Tcl/Tk 8.5.0 Released
dkf writes "Tcl/Tk 8.5 has been released for all major platforms after 5 years of development. There are many new goodies in it, including significant speedups through an advanced bytecode engine, stronger localization of applications, integrated arbitrary-precision arithmetic, a whole bunch of brand new skinnable widgets, anti-aliased text support on all platforms, and a new code-module management system to make maintenance of installations a snap. More in-depth information about the features of both this release and Tcl/Tk in general is available at the official Tcl/Tk website. Mark Roseman's blog has a first-look review."
I'm tickled pink!
Tkinter is the de-facto python windowing kit. This in itself is enough for a new python release. Faster==better, and python always wants to be a bit faster. Tcl/Tk by itself is kind of clunky IMO, but python Tkinter makes good use of it. Thanks Tck/Tk guys!
Clickety Click
Tk has been so in need of a makeover for many years. The widgets in their default state have looked like crusty relics on our grandparents' computers, and even make Windows 3.1 look contemporary. Well done guys. I can't wait to check it out.
-- In the beginning was the WORD, and the WORD was UNSIGNED, and the main(){} was without form and void...
From what I've seen, the internals of the Tcl environment (the interpreter, libraries and so on) are pretty solid and nicely done. Unfortunately the Tcl language itself is peculiar, dated and just not very good. I wish the Tcl people would consider a thorough backward-incompatible revamp of the language into something a bit less off-putting.
Tkinter is the de-facto python windowing kit.
I think Gtk is becoming more and more the "de-facto python windowing kit", in particular as Gtk's cross platform support is improving.
I am only interested in one thing:
Will the Tk widgets now integrate with the rest of the desktop, in terms of using the same theme settings that other programs use?

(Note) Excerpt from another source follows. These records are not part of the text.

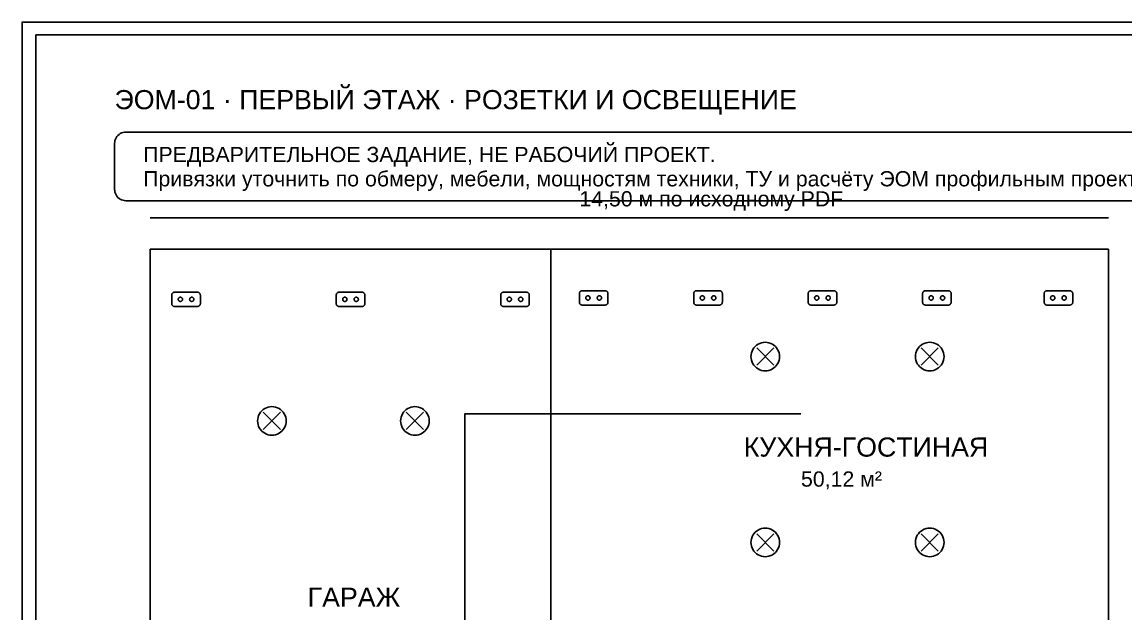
# Paper-space layout 'EOM-02' of a CAD drawing. Header units: millimetres. Extents: x 5 to 415, y 5 to 292.
# Drawn here: x 5 to 264.5, y 152.8 to 292 of the extents above; entities that cross this region are included whole.
import ezdxf

# ---------------------------------------------------------------- set-up
doc = ezdxf.new("R2010")
doc.units = ezdxf.units.MM
for name, color, linetype in [('A-DIMS', 1, 'Continuous'), ('A-FRAME', 7, 'Continuous'), ('A-NOTES', 30, 'Continuous'), ('A-OBJECT', 8, 'Continuous'), ('A-TEXT', 7, 'Continuous'), ('A-WALL', 7, 'Continuous')]:
    doc.layers.add(name, color=color, linetype=linetype)
doc.styles.add('ARIAL', font='arial.ttf')

psp = doc.layouts.new('EOM-02')

# ---------------------------------------------------------------- linework, layer by layer
at = {"layer": 'A-DIMS'}
psp.add_lwpolyline([(35.15, 245.96), (260.44, 245.96)], dxfattribs=at)
at = {"layer": 'A-FRAME'}
psp.add_lwpolyline([(5, 5), (415, 5), (415, 292), (5, 292)], close=True, dxfattribs=at)
at = {"layer": 'A-NOTES'}
psp.add_lwpolyline([(390.57, 250), (29.43, 250), (29.08, 250.02), (28.74, 250.09), (28.4, 250.2), (28.09, 250.36), (27.8, 250.55), (27.53, 250.78), (27.3, 251.05), (27.1, 251.34), (26.95, 251.66), (26.84, 251.99), (26.77, 252.33), (26.74, 252.69), (26.74, 263.44), (26.77, 263.8), (26.84, 264.14), (26.95, 264.47), (27.1, 264.79), (27.3, 265.08), (27.53, 265.35), (27.8, 265.58), (28.09, 265.77), (28.4, 265.93), (28.74, 266.04), (29.08, 266.11), (29.43, 266.13), (29.43, 266.13), (29.43, 266.13), (390.57, 266.13)], dxfattribs=at)
at = {"layer": 'A-OBJECT'}
for points in [[(8.25, 289), (411.75, 289), (411.75, 20), (8.25, 20), (8.25, 289)], [(35.15, 238.56), (129.3, 238.56), (129.3, 63.71), (35.15, 63.71), (35.15, 238.56)], [(129.3, 238.56), (260.44, 238.56), (260.44, 132.64), (129.3, 132.64), (129.3, 238.56)], [(40.87, 228.47), (46.25, 228.47), (46.33, 228.47), (46.42, 228.45), (46.5, 228.42), (46.58, 228.38), (46.66, 228.34), (46.72, 228.28), (46.78, 228.21), (46.83, 228.14), (46.87, 228.06), (46.9, 227.98), (46.91, 227.89), (46.92, 227.8), (46.92, 225.78), (46.91, 225.7), (46.9, 225.61), (46.87, 225.53), (46.83, 225.45), (46.78, 225.38), (46.72, 225.31), (46.66, 225.25), (46.58, 225.2), (46.5, 225.16), (46.42, 225.14), (46.33, 225.12), (46.25, 225.11), (40.87, 225.11), (40.78, 225.12), (40.69, 225.14), (40.61, 225.16), (40.53, 225.2), (40.46, 225.25), (40.39, 225.31), (40.33, 225.38), (40.28, 225.45), (40.24, 225.53), (40.22, 225.61), (40.2, 225.7), (40.19, 225.78), (40.19, 227.8), (40.2, 227.89), (40.22, 227.98), (40.24, 228.06), (40.28, 228.14), (40.33, 228.21), (40.39, 228.28), (40.46, 228.34), (40.53, 228.38), (40.61, 228.42), (40.69, 228.45), (40.78, 228.47), (40.87, 228.47), (40.87, 228.47)], [(79.53, 228.47), (84.91, 228.47), (85, 228.47), (85.09, 228.45), (85.17, 228.42), (85.25, 228.38), (85.32, 228.34), (85.39, 228.28), (85.45, 228.21), (85.5, 228.14), (85.54, 228.06), (85.56, 227.98), (85.58, 227.89), (85.59, 227.8), (85.59, 225.78), (85.58, 225.7), (85.56, 225.61), (85.54, 225.53), (85.5, 225.45), (85.45, 225.38), (85.39, 225.31), (85.32, 225.25), (85.25, 225.2), (85.17, 225.16), (85.09, 225.14), (85, 225.12), (84.91, 225.11), (79.53, 225.11), (79.45, 225.12), (79.36, 225.14), (79.28, 225.16), (79.2, 225.2), (79.13, 225.25), (79.06, 225.31), (79, 225.38), (78.95, 225.45), (78.91, 225.53), (78.89, 225.61), (78.87, 225.7), (78.86, 225.78), (78.86, 227.8), (78.87, 227.89), (78.89, 227.98), (78.91, 228.06), (78.95, 228.14), (79, 228.21), (79.06, 228.28), (79.13, 228.34), (79.2, 228.38), (79.28, 228.42), (79.36, 228.45), (79.45, 228.47), (79.53, 228.47), (79.53, 228.47)], [(118.2, 228.47), (123.58, 228.47), (123.67, 228.47), (123.76, 228.45), (123.84, 228.42), (123.92, 228.38), (123.99, 228.34), (124.06, 228.28), (124.12, 228.21), (124.17, 228.14), (124.21, 228.06), (124.23, 227.98), (124.25, 227.89), (124.26, 227.8), (124.26, 225.78), (124.25, 225.7), (124.23, 225.61), (124.21, 225.53), (124.17, 225.45), (124.12, 225.38), (124.06, 225.31), (123.99, 225.25), (123.92, 225.2), (123.84, 225.16), (123.76, 225.14), (123.67, 225.12), (123.58, 225.11), (118.2, 225.11), (118.12, 225.12), (118.03, 225.14), (117.95, 225.16), (117.87, 225.2), (117.79, 225.25), (117.73, 225.31), (117.67, 225.38), (117.62, 225.45), (117.58, 225.53), (117.55, 225.61), (117.54, 225.7), (117.53, 225.78), (117.53, 227.8), (117.54, 227.89), (117.55, 227.98), (117.58, 228.06), (117.62, 228.14), (117.67, 228.21), (117.73, 228.28), (117.79, 228.34), (117.87, 228.38), (117.95, 228.42), (118.03, 228.45), (118.12, 228.47), (118.2, 228.47), (118.2, 228.47)], [(136.7, 228.81), (142.08, 228.81), (142.17, 228.81), (142.25, 228.79), (142.33, 228.76), (142.41, 228.72), (142.49, 228.67), (142.55, 228.61), (142.61, 228.55), (142.66, 228.47), (142.7, 228.4), (142.73, 228.31), (142.74, 228.23), (142.75, 228.14), (142.75, 226.12), (142.74, 226.03), (142.73, 225.95), (142.7, 225.86), (142.66, 225.78), (142.61, 225.71), (142.55, 225.65), (142.49, 225.59), (142.41, 225.54), (142.33, 225.5), (142.25, 225.47), (142.17, 225.45), (142.08, 225.45), (136.7, 225.45), (136.61, 225.45), (136.52, 225.47), (136.44, 225.5), (136.36, 225.54), (136.29, 225.59), (136.22, 225.65), (136.16, 225.71), (136.12, 225.78), (136.08, 225.86), (136.05, 225.95), (136.03, 226.03), (136.03, 226.12), (136.03, 228.14), (136.03, 228.23), (136.05, 228.31), (136.08, 228.4), (136.12, 228.47), (136.16, 228.55), (136.22, 228.61), (136.29, 228.67), (136.36, 228.72), (136.44, 228.76), (136.52, 228.79), (136.61, 228.81), (136.7, 228.81), (136.7, 228.81)], [(163.6, 228.81), (168.98, 228.81), (169.07, 228.81), (169.15, 228.79), (169.23, 228.76), (169.31, 228.72), (169.39, 228.67), (169.45, 228.61), (169.51, 228.55), (169.56, 228.47), (169.6, 228.4), (169.63, 228.31), (169.64, 228.23), (169.65, 228.14), (169.65, 226.12), (169.64, 226.03), (169.63, 225.95), (169.6, 225.86), (169.56, 225.78), (169.51, 225.71), (169.45, 225.65), (169.39, 225.59), (169.31, 225.54), (169.23, 225.5), (169.15, 225.47), (169.07, 225.45), (168.98, 225.45), (163.6, 225.45), (163.51, 225.45), (163.42, 225.47), (163.34, 225.5), (163.26, 225.54), (163.19, 225.59), (163.12, 225.65), (163.06, 225.71), (163.02, 225.78), (162.98, 225.86), (162.95, 225.95), (162.93, 226.03), (162.93, 226.12), (162.93, 228.14), (162.93, 228.23), (162.95, 228.31), (162.98, 228.4), (163.02, 228.47), (163.06, 228.55), (163.12, 228.61), (163.19, 228.67), (163.26, 228.72), (163.34, 228.76), (163.42, 228.79), (163.51, 228.81), (163.6, 228.81), (163.6, 228.81)], [(190.5, 228.81), (195.88, 228.81), (195.97, 228.81), (196.05, 228.79), (196.13, 228.76), (196.21, 228.72), (196.29, 228.67), (196.35, 228.61), (196.41, 228.55), (196.46, 228.47), (196.5, 228.4), (196.53, 228.31), (196.54, 228.23), (196.55, 228.14), (196.55, 226.12), (196.54, 226.03), (196.53, 225.95), (196.5, 225.86), (196.46, 225.78), (196.41, 225.71), (196.35, 225.65), (196.29, 225.59), (196.21, 225.54), (196.13, 225.5), (196.05, 225.47), (195.97, 225.45), (195.88, 225.45), (190.5, 225.45), (190.41, 225.45), (190.32, 225.47), (190.24, 225.5), (190.16, 225.54), (190.09, 225.59), (190.02, 225.65), (189.96, 225.71), (189.92, 225.78), (189.88, 225.86), (189.85, 225.95), (189.83, 226.03), (189.82, 226.12), (189.82, 228.14), (189.83, 228.23), (189.85, 228.31), (189.88, 228.4), (189.92, 228.47), (189.96, 228.55), (190.02, 228.61), (190.09, 228.67), (190.16, 228.72), (190.24, 228.76), (190.32, 228.79), (190.41, 228.81), (190.5, 228.81), (190.5, 228.81)], [(217.4, 228.81), (222.78, 228.81), (222.87, 228.81), (222.95, 228.79), (223.03, 228.76), (223.11, 228.72), (223.19, 228.67), (223.25, 228.61), (223.31, 228.55), (223.36, 228.47), (223.4, 228.4), (223.43, 228.31), (223.44, 228.23), (223.45, 228.14), (223.45, 226.12), (223.44, 226.03), (223.43, 225.95), (223.4, 225.86), (223.36, 225.78), (223.31, 225.71), (223.25, 225.65), (223.19, 225.59), (223.11, 225.54), (223.03, 225.5), (222.95, 225.47), (222.87, 225.45), (222.78, 225.45), (217.4, 225.45), (217.31, 225.45), (217.22, 225.47), (217.14, 225.5), (217.06, 225.54), (216.99, 225.59), (216.92, 225.65), (216.86, 225.71), (216.82, 225.78), (216.78, 225.86), (216.75, 225.95), (216.73, 226.03), (216.72, 226.12), (216.72, 228.14), (216.73, 228.23), (216.75, 228.31), (216.78, 228.4), (216.82, 228.47), (216.86, 228.55), (216.92, 228.61), (216.99, 228.67), (217.06, 228.72), (217.14, 228.76), (217.22, 228.79), (217.31, 228.81), (217.4, 228.81), (217.4, 228.81)], [(245.98, 228.81), (251.36, 228.81), (251.45, 228.81), (251.53, 228.79), (251.62, 228.76), (251.69, 228.72), (251.77, 228.67), (251.83, 228.61), (251.89, 228.55), (251.94, 228.47), (251.98, 228.4), (252.01, 228.31), (252.03, 228.23), (252.03, 228.14), (252.03, 226.12), (252.03, 226.03), (252.01, 225.95), (251.98, 225.86), (251.94, 225.78), (251.89, 225.71), (251.83, 225.65), (251.77, 225.59), (251.69, 225.54), (251.62, 225.5), (251.53, 225.47), (251.45, 225.45), (251.36, 225.45), (245.98, 225.45), (245.89, 225.45), (245.8, 225.47), (245.72, 225.5), (245.64, 225.54), (245.57, 225.59), (245.5, 225.65), (245.45, 225.71), (245.4, 225.78), (245.36, 225.86), (245.33, 225.95), (245.31, 226.03), (245.31, 226.12), (245.31, 228.14), (245.31, 228.23), (245.33, 228.31), (245.36, 228.4), (245.4, 228.47), (245.45, 228.55), (245.5, 228.61), (245.57, 228.67), (245.64, 228.72), (245.72, 228.76), (245.8, 228.79), (245.89, 228.81), (245.98, 228.81), (245.98, 228.81)], [(42.72, 226.79), (42.71, 226.73), (42.7, 226.66), (42.68, 226.6), (42.65, 226.54), (42.61, 226.49), (42.57, 226.44), (42.52, 226.39), (42.46, 226.36), (42.4, 226.33), (42.34, 226.31), (42.28, 226.29), (42.21, 226.29), (42.15, 226.29), (42.08, 226.31), (42.02, 226.33), (41.96, 226.36), (41.9, 226.39), (41.85, 226.44), (41.81, 226.49), (41.77, 226.54), (41.75, 226.6), (41.72, 226.66), (41.71, 226.73), (41.71, 226.79), (41.71, 226.86), (41.72, 226.92), (41.75, 226.99), (41.77, 227.05), (41.81, 227.1), (41.85, 227.15), (41.9, 227.19), (41.96, 227.23), (42.02, 227.26), (42.08, 227.28), (42.15, 227.29), (42.21, 227.3), (42.28, 227.29), (42.34, 227.28), (42.4, 227.26), (42.46, 227.23), (42.52, 227.19), (42.57, 227.15), (42.61, 227.1), (42.65, 227.05), (42.68, 226.99), (42.7, 226.92), (42.71, 226.86), (42.72, 226.79), (42.72, 226.79)], [(45.41, 226.79), (45.4, 226.73), (45.39, 226.66), (45.37, 226.6), (45.34, 226.54), (45.3, 226.49), (45.26, 226.44), (45.21, 226.39), (45.15, 226.36), (45.09, 226.33), (45.03, 226.31), (44.97, 226.29), (44.9, 226.29), (44.84, 226.29), (44.77, 226.31), (44.71, 226.33), (44.65, 226.36), (44.59, 226.39), (44.54, 226.44), (44.5, 226.49), (44.46, 226.54), (44.44, 226.6), (44.41, 226.66), (44.4, 226.73), (44.4, 226.79), (44.4, 226.86), (44.41, 226.92), (44.44, 226.99), (44.46, 227.05), (44.5, 227.1), (44.54, 227.15), (44.59, 227.19), (44.65, 227.23), (44.71, 227.26), (44.77, 227.28), (44.84, 227.29), (44.9, 227.3), (44.97, 227.29), (45.03, 227.28), (45.09, 227.26), (45.15, 227.23), (45.21, 227.19), (45.26, 227.15), (45.3, 227.1), (45.34, 227.05), (45.37, 226.99), (45.39, 226.92), (45.4, 226.86), (45.41, 226.79), (45.41, 226.79)], [(81.38, 226.79), (81.38, 226.73), (81.37, 226.66), (81.35, 226.6), (81.32, 226.54), (81.28, 226.49), (81.24, 226.44), (81.19, 226.39), (81.13, 226.36), (81.07, 226.33), (81.01, 226.31), (80.95, 226.29), (80.88, 226.29), (80.81, 226.29), (80.75, 226.31), (80.69, 226.33), (80.63, 226.36), (80.57, 226.39), (80.52, 226.44), (80.48, 226.49), (80.44, 226.54), (80.41, 226.6), (80.39, 226.66), (80.38, 226.73), (80.38, 226.79), (80.38, 226.86), (80.39, 226.92), (80.41, 226.99), (80.44, 227.05), (80.48, 227.1), (80.52, 227.15), (80.57, 227.19), (80.63, 227.23), (80.69, 227.26), (80.75, 227.28), (80.81, 227.29), (80.88, 227.3), (80.95, 227.29), (81.01, 227.28), (81.07, 227.26), (81.13, 227.23), (81.19, 227.19), (81.24, 227.15), (81.28, 227.1), (81.32, 227.05), (81.35, 226.99), (81.37, 226.92), (81.38, 226.86), (81.38, 226.79), (81.38, 226.79)], [(84.07, 226.79), (84.07, 226.73), (84.06, 226.66), (84.04, 226.6), (84.01, 226.54), (83.97, 226.49), (83.93, 226.44), (83.88, 226.39), (83.82, 226.36), (83.76, 226.33), (83.7, 226.31), (83.64, 226.29), (83.57, 226.29), (83.5, 226.29), (83.44, 226.31), (83.38, 226.33), (83.32, 226.36), (83.26, 226.39), (83.21, 226.44), (83.17, 226.49), (83.13, 226.54), (83.1, 226.6), (83.08, 226.66), (83.07, 226.73), (83.07, 226.79), (83.07, 226.86), (83.08, 226.92), (83.1, 226.99), (83.13, 227.05), (83.17, 227.1), (83.21, 227.15), (83.26, 227.19), (83.32, 227.23), (83.38, 227.26), (83.44, 227.28), (83.5, 227.29), (83.57, 227.3), (83.64, 227.29), (83.7, 227.28), (83.76, 227.26), (83.82, 227.23), (83.88, 227.19), (83.93, 227.15), (83.97, 227.1), (84.01, 227.05), (84.04, 226.99), (84.06, 226.92), (84.07, 226.86), (84.07, 226.79), (84.07, 226.79)], [(120.05, 226.79), (120.05, 226.73), (120.04, 226.66), (120.01, 226.6), (119.99, 226.54), (119.95, 226.49), (119.91, 226.44), (119.86, 226.39), (119.8, 226.36), (119.74, 226.33), (119.68, 226.31), (119.61, 226.29), (119.55, 226.29), (119.48, 226.29), (119.42, 226.31), (119.36, 226.33), (119.3, 226.36), (119.24, 226.39), (119.19, 226.44), (119.15, 226.49), (119.11, 226.54), (119.08, 226.6), (119.06, 226.66), (119.05, 226.73), (119.04, 226.79), (119.05, 226.86), (119.06, 226.92), (119.08, 226.99), (119.11, 227.05), (119.15, 227.1), (119.19, 227.15), (119.24, 227.19), (119.3, 227.23), (119.36, 227.26), (119.42, 227.28), (119.48, 227.29), (119.55, 227.3), (119.61, 227.29), (119.68, 227.28), (119.74, 227.26), (119.8, 227.23), (119.86, 227.19), (119.91, 227.15), (119.95, 227.1), (119.99, 227.05), (120.01, 226.99), (120.04, 226.92), (120.05, 226.86), (120.05, 226.79), (120.05, 226.79)], [(122.74, 226.79), (122.74, 226.73), (122.73, 226.66), (122.7, 226.6), (122.68, 226.54), (122.64, 226.49), (122.6, 226.44), (122.55, 226.39), (122.49, 226.36), (122.43, 226.33), (122.37, 226.31), (122.3, 226.29), (122.24, 226.29), (122.17, 226.29), (122.11, 226.31), (122.05, 226.33), (121.99, 226.36), (121.93, 226.39), (121.88, 226.44), (121.84, 226.49), (121.8, 226.54), (121.77, 226.6), (121.75, 226.66), (121.74, 226.73), (121.73, 226.79), (121.74, 226.86), (121.75, 226.92), (121.77, 226.99), (121.8, 227.05), (121.84, 227.1), (121.88, 227.15), (121.93, 227.19), (121.99, 227.23), (122.05, 227.26), (122.11, 227.28), (122.17, 227.29), (122.24, 227.3), (122.3, 227.29), (122.37, 227.28), (122.43, 227.26), (122.49, 227.23), (122.55, 227.19), (122.6, 227.15), (122.64, 227.1), (122.68, 227.05), (122.7, 226.99), (122.73, 226.92), (122.74, 226.86), (122.74, 226.79), (122.74, 226.79)], [(138.55, 227.13), (138.54, 227.06), (138.53, 227), (138.51, 226.94), (138.48, 226.88), (138.44, 226.82), (138.4, 226.77), (138.35, 226.73), (138.29, 226.69), (138.24, 226.66), (138.17, 226.64), (138.11, 226.63), (138.04, 226.63), (137.98, 226.63), (137.91, 226.64), (137.85, 226.66), (137.79, 226.69), (137.74, 226.73), (137.69, 226.77), (137.64, 226.82), (137.61, 226.88), (137.58, 226.94), (137.56, 227), (137.54, 227.06), (137.54, 227.13), (137.54, 227.2), (137.56, 227.26), (137.58, 227.32), (137.61, 227.38), (137.64, 227.44), (137.69, 227.49), (137.74, 227.53), (137.79, 227.57), (137.85, 227.6), (137.91, 227.62), (137.98, 227.63), (138.04, 227.63), (138.11, 227.63), (138.17, 227.62), (138.24, 227.6), (138.29, 227.57), (138.35, 227.53), (138.4, 227.49), (138.44, 227.44), (138.48, 227.38), (138.51, 227.32), (138.53, 227.26), (138.54, 227.2), (138.55, 227.13), (138.55, 227.13)], [(141.24, 227.13), (141.23, 227.06), (141.22, 227), (141.2, 226.94), (141.17, 226.88), (141.13, 226.82), (141.09, 226.77), (141.04, 226.73), (140.98, 226.69), (140.93, 226.66), (140.86, 226.64), (140.8, 226.63), (140.73, 226.63), (140.67, 226.63), (140.6, 226.64), (140.54, 226.66), (140.48, 226.69), (140.43, 226.73), (140.38, 226.77), (140.33, 226.82), (140.3, 226.88), (140.27, 226.94), (140.25, 227), (140.23, 227.06), (140.23, 227.13), (140.23, 227.2), (140.25, 227.26), (140.27, 227.32), (140.3, 227.38), (140.33, 227.44), (140.38, 227.49), (140.43, 227.53), (140.48, 227.57), (140.54, 227.6), (140.6, 227.62), (140.67, 227.63), (140.73, 227.63), (140.8, 227.63), (140.86, 227.62), (140.93, 227.6), (140.98, 227.57), (141.04, 227.53), (141.09, 227.49), (141.13, 227.44), (141.17, 227.38), (141.2, 227.32), (141.22, 227.26), (141.23, 227.2), (141.24, 227.13), (141.24, 227.13)], [(165.45, 227.13), (165.44, 227.06), (165.43, 227), (165.41, 226.94), (165.38, 226.88), (165.34, 226.82), (165.3, 226.77), (165.25, 226.73), (165.19, 226.69), (165.14, 226.66), (165.07, 226.64), (165.01, 226.63), (164.94, 226.63), (164.88, 226.63), (164.81, 226.64), (164.75, 226.66), (164.69, 226.69), (164.64, 226.73), (164.59, 226.77), (164.54, 226.82), (164.51, 226.88), (164.48, 226.94), (164.46, 227), (164.44, 227.06), (164.44, 227.13), (164.44, 227.2), (164.46, 227.26), (164.48, 227.32), (164.51, 227.38), (164.54, 227.44), (164.59, 227.49), (164.64, 227.53), (164.69, 227.57), (164.75, 227.6), (164.81, 227.62), (164.88, 227.63), (164.94, 227.63), (165.01, 227.63), (165.07, 227.62), (165.14, 227.6), (165.19, 227.57), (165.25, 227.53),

I like how Tk has been used as a GUI toolkit by many programming lanugages, and I think that says something good about its design and implementation, but the ugly, unthemeable, and out-of-place looking widgets have always been a thorn in my eye.
Especially because it _did_ work sort of right on proprietary OSes as far as I know.
Please correct me if I got my facts wrong.
the Tklet browser plugins again, so that I can write in-browser applications in a sensible programming language. Why Java won that market I can't possibly fathom.
I am trolling
Wow, didn't know that people used it. Now I know what gramps was talking about when he mentioned "programming tickles!"
// file: mice.h
#include "frickin_lasers.h"
Yahbut tcl/tk is used to run machines, factories. The hint is in the name.
Whether the widgets look like Windows, Linux, OSX, Motif or whatever is largely irrelevant as long as the start and stop buttons work when you click them.
Deleted
"Really? For what purpose?"
Bragging.
Anyway, I better get back to writing my Micro Controller Design handbook in Gaelic - I'm sure this one will be a seller, hardly anybody is writing Gaelic computing text books!
M0571y H@rml355.
I think Tkinter still has a lot of advantages at this point over GTK. It has plenty of life left in it. At least until someone writes an equally high-level Python interface to a different graphical toolkit and gets it into the standard library.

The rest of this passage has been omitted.